=== TASK INPUT ===
=======

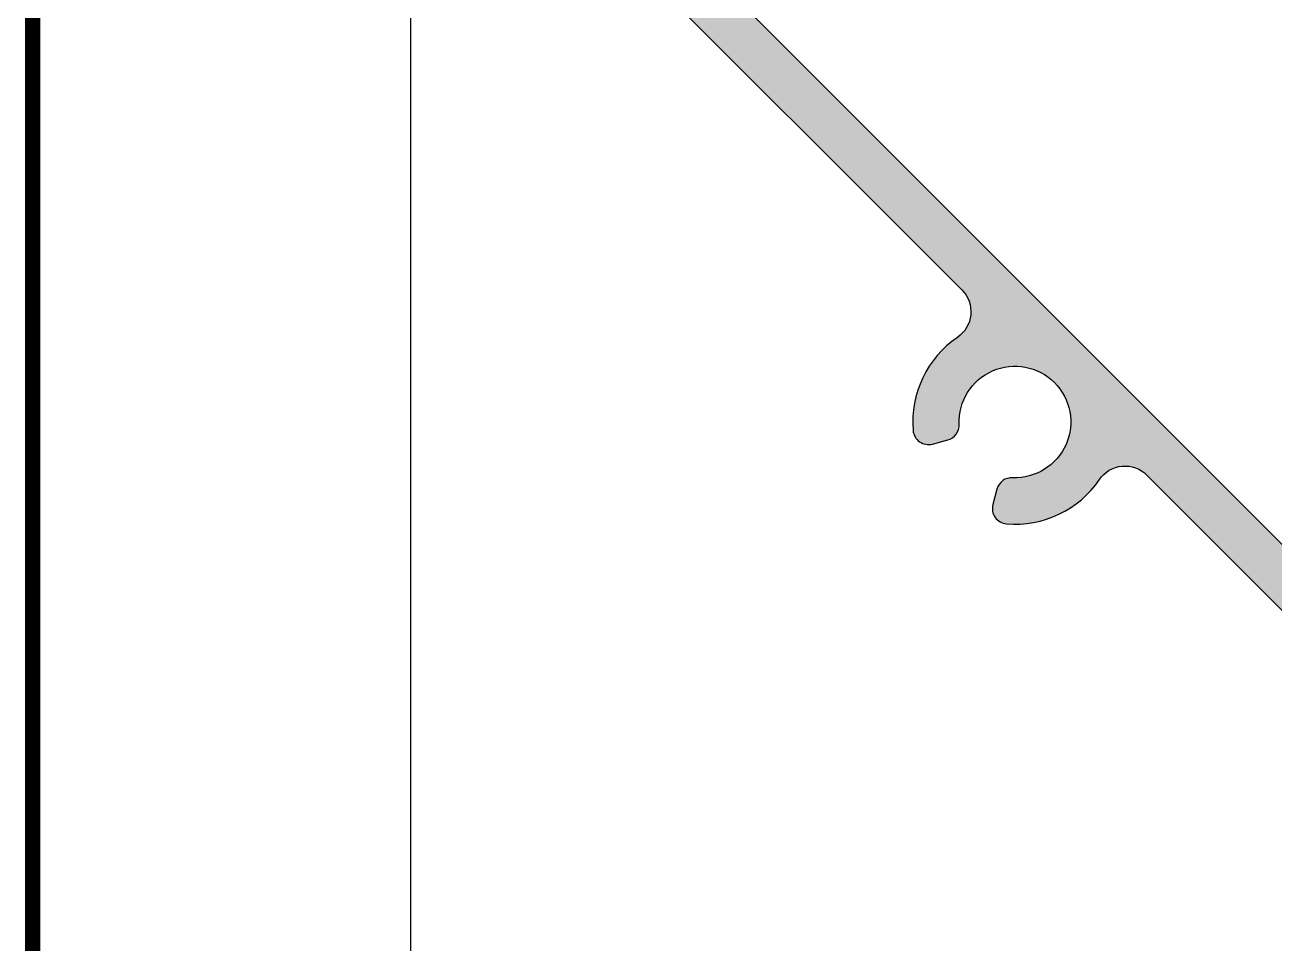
# Model space of a CAD drawing. Extents: x -160106 to 966792, y -663931 to 1550022.
# Drawn here: x -32149.02 to -32108.68, y -85914.14 to -85884.49 of the extents above; entities that cross this region are included whole.
import ezdxf

# ---------------------------------------------------------------- set-up
doc = ezdxf.new("R2010")
doc.units = 0
doc.linetypes.add('ZN-DASH', pattern=[0.35, 0.25, -0.1])
for name, color, linetype in [('!ZN5-铝材断面-6', 6, 'Continuous'), ('112铝材投影', 112, 'Continuous'), ('型材截面颜色', 253, 'Continuous')]:
    doc.layers.add(name, color=color, linetype=linetype)

# ---------------------------------------------------------------- blocks, each defined once
blk = doc.blocks.new('铝合金百叶片E1121')
at = {"layer": '型材截面颜色', "ltscale": 15}
h = blk.add_hatch(color=256, dxfattribs=at)
h.dxf.hatch_style = 1
edge = h.paths.add_edge_path()
edge.add_arc((-9.719632931919477, 8.30541936955342), 1.000000000012852, 45.000000000442185, 145.7221524159114, ccw=False)
edge.add_line((-9.012526150741905, 9.012526150741905), (9.012526150741905, -9.012526150741905))
edge.add_arc((8.305419369549782, -9.719632931930391), 1.000000000005314, -55.72215241509741, 44.999999999852605, ccw=False)
edge.add_arc((10.727207793876, -13.27279220614037), 3.300000000007266, 124.2778475845504, 184.713439388446)
edge.add_arc((7.936677002500801, -13.50287458793355), 0.5000000000076612, 184.7134393885714, 284.9999999993904)
edge.add_line((8.066086525046558, -13.98583750107719), (8.558709692057164, -13.8538395213036))
edge.add_arc((8.429300169511407, -13.37087660815996), 0.4999999999985882, 284.9999999993904, 362.4441422014818)
edge.add_arc((10.72720779386145, -13.27279220613855), 1.799999999997974, -92.44414220144529, 182.4441422013597, ccw=False)
edge.add_arc((10.62912339183822, -15.57069983049223), 0.4999999999982236, 87.55585779864008, 165.000000000126)
edge.add_line((10.1461604786964, -15.44129030794284), (10.01416249892645, -15.93391347495526))
edge.add_arc((10.49712541208282, -16.06332299750829), 0.5000000000118918, 165.0000000001549, 265.2865606095772)
edge.add_arc((10.72720779386145, -13.27279220614037), 3.299999999996746, 265.2865606115005, 325.7221524155659)
edge.add_arc((14.28036706808052, -15.69458063044658), 1.000000000012852, 45.000000000442185, 145.7221524159114, ccw=False)
edge.add_line((14.98747384925809, -14.98747384925809), (22.13933982821618, -22.13933982821982))
edge.add_arc((21.92720779385854, -22.35147186257927), 0.300000000003009, 1.737134880386293e-10, 45.00000000012278, ccw=False)
edge.add_line((22.22720779386145, -22.35147186257745), (22.22720779386145, -32.805887450304))
edge.add_arc((21.92720779385854, -32.805887450304), 0.3000000000029104, 270, 359.99999999982634, ccw=False)
edge.add_line((21.92720779385854, -33.10588745030509), (19.02720779386436, -33.10588745030509))
edge.add_arc((19.02720779386436, -33.405887450308), 0.3000000000020009, 90, 179.9999999998263)
edge.add_line((18.72720779386145, -33.40588745030618), (18.72720779386145, -34.305887450304))
edge.add_arc((19.02720779386436, -34.305887450304), 0.3000000000029104, 180.0000000001737, 270)
edge.add_line((19.02720779386436, -34.60588745030509), (23.42720779385854, -34.60588745030509))
edge.add_arc((23.42720779385854, -34.305887450304), 0.3000000000020009, 270, 359.9999999998263)
edge.add_line((23.72720779386145, -34.305887450304), (23.72720779386145, -21.73015151901745))
edge.add_arc((23.42720779385854, -21.73015151901927), 0.3000000000029104, 3.474013860039515e-10, 45)
edge.add_line((23.63933982821618, -21.51801948466164), (-24.68492424049327, 26.80624458405146))
edge.add_arc((-24.47279220613564, 27.01837661840727), 0.3000000000017227, 180.0000000005211, 224.9999999998772, ccw=False)
edge.add_line((-24.77279220613855, 27.01837661840545), (-24.77279220613855, 37.47279220613564))
edge.add_arc((-24.47279220613564, 37.47279220613382), 0.3000000000029104, 90, 179.9999999996526, ccw=False)
edge.add_line((-24.47279220613564, 37.77279220613491), (-20.57279220614146, 37.77279220613491))
edge.add_arc((-20.57279220614146, 38.072792206136), 0.3000000000010914, 270, 359.9999999996526)
edge.add_line((-20.27279220613855, 38.07279220613418), (-20.27279220613855, 38.97279220613564))
edge.add_arc((-20.57279220614146, 38.97279220613382), 0.3000000000029104, 3.474013860039515e-10, 90)
edge.add_line((-20.57279220614146, 39.27279220613491), (-25.97279220613564, 39.27279220613491))
edge.add_arc((-25.97279220613564, 38.97279220613382), 0.3000000000010914, 90, 179.9999999996526)
edge.add_line((-26.27279220613855, 38.97279220613564), (-26.27279220613855, 26.39705627484727))
edge.add_arc((-25.97279220613564, 26.39705627484909), 0.3000000000029104, 180.0000000003474, 225)
edge.add_line((-26.18492424049327, 26.18492424049145), (-14.98747384925809, 14.98747384925809))
edge.add_arc((-15.69458063045022, 14.28036706806961), 1.000000000005314, -55.72215241509741, 44.999999999852605, ccw=False)
edge.add_arc((-13.272792206124, 10.72720779385963), 3.300000000007266, 124.2778475845504, 184.713439388446)
edge.add_arc((-16.0633229974992, 10.49712541206645), 0.5000000000076612, 184.7134393885714, 284.9999999993904)
edge.add_line((-15.93391347495344, 10.01416249892281), (-15.44129030794284, 10.1461604786964))
edge.add_arc((-15.57069983048859, 10.62912339184004), 0.4999999999985882, 284.9999999993904, 362.4441422014818)
edge.add_arc((-13.27279220613855, 10.72720779386145), 1.799999999997974, -92.44414220144529, 182.4441422013597, ccw=False)
edge.add_arc((-13.37087660816178, 8.42930016950777), 0.4999999999982236, 87.55585779864008, 165.000000000126)
edge.add_line((-13.8538395213036, 8.558709692057164), (-13.98583750107355, 8.066086525044739))
edge.add_arc((-13.50287458791718, 7.936677002491706), 0.5000000000118918, 165.0000000001549, 265.2865606095772)
edge.add_arc((-13.27279220613855, 10.72720779385963), 3.299999999996746, 265.2865606115005, 325.7221524155659)
at = {"layer": '!ZN5-铝材断面-6'}
for points in [[(23.63933982821618, -21.51801948466164), (-24.68492424049327, 26.80624458405146, -0.198912367379658)], [(-26.18492424049327, 26.18492424049145), (-14.98747384925809, 14.98747384925809, -0.470149459032129), (-15.13137402013672, 13.45405095778915, 0.26998731957567), (-16.56163206739438, 10.45603927245975, 0.4678307846211405), (-15.93391347495344, 10.01416249892281), (-15.44129030794284, 10.1461604786964, 0.3513913788462671), (-15.07115469476412, 10.65044608793323, -2.567789612587077), (-13.34955391207041, 8.928845305235882, 0.3513913788462745), (-13.8538395213036, 8.558709692057164), (-13.98583750107355, 8.066086525044739, 0.4678307846211532), (-13.54396072754025, 7.438367932605615, 0.2699873195756738), (-10.54594904221449, 8.868625979859644, -0.4701494590321225), (-9.012526150741905, 9.012526150741905), (9.012526150741905, -9.012526150741905, -0.4701494590321284)]]:
    blk.add_lwpolyline(points, format="xyb", dxfattribs=at)
blk = doc.blocks.new('*U3626')
at = {"linetype": 'ZN-DASH', "ltscale": 10, "const_width": 0.4999999999997875}
blk.add_lwpolyline([(-3.665036140591837, 7.699998972140747), (124.414492050857, 7.699998972140747)], dxfattribs=at)

msp = doc.modelspace()

# ---------------------------------------------------------------- linework, layer by layer
at = {"layer": '112铝材投影', "ltscale": 0.1}
msp.add_line((-32136.57329222991, -85987.86760216966), (-32136.57329222991, -85858.97999966203), dxfattribs=at)

# ---------------------------------------------------------------- block references
at = {"ltscale": 30, "xscale": -1, "rotation": 90}
msp.add_blockref('*U3626', (-32141.07329222011, -85863.4531101188), dxfattribs=at)
at = {"ltscale": 30}
msp.add_blockref('铝合金百叶片E1121', (-32103.80050002376, -85908.02591816869), dxfattribs=at)

doc.saveas('drawing.dxf')

=======

=== DIRECTIONS FOR THIS TASK ===
Only lines containing the word "drawing" should appear in the answer, and every such line from the records above must be there.

=== ANSWER SECTION ===
# Model space of a CAD drawing. Extents: x -160106 to 966792, y -663931 to 1550022.
doc.saveas('drawing.dxf')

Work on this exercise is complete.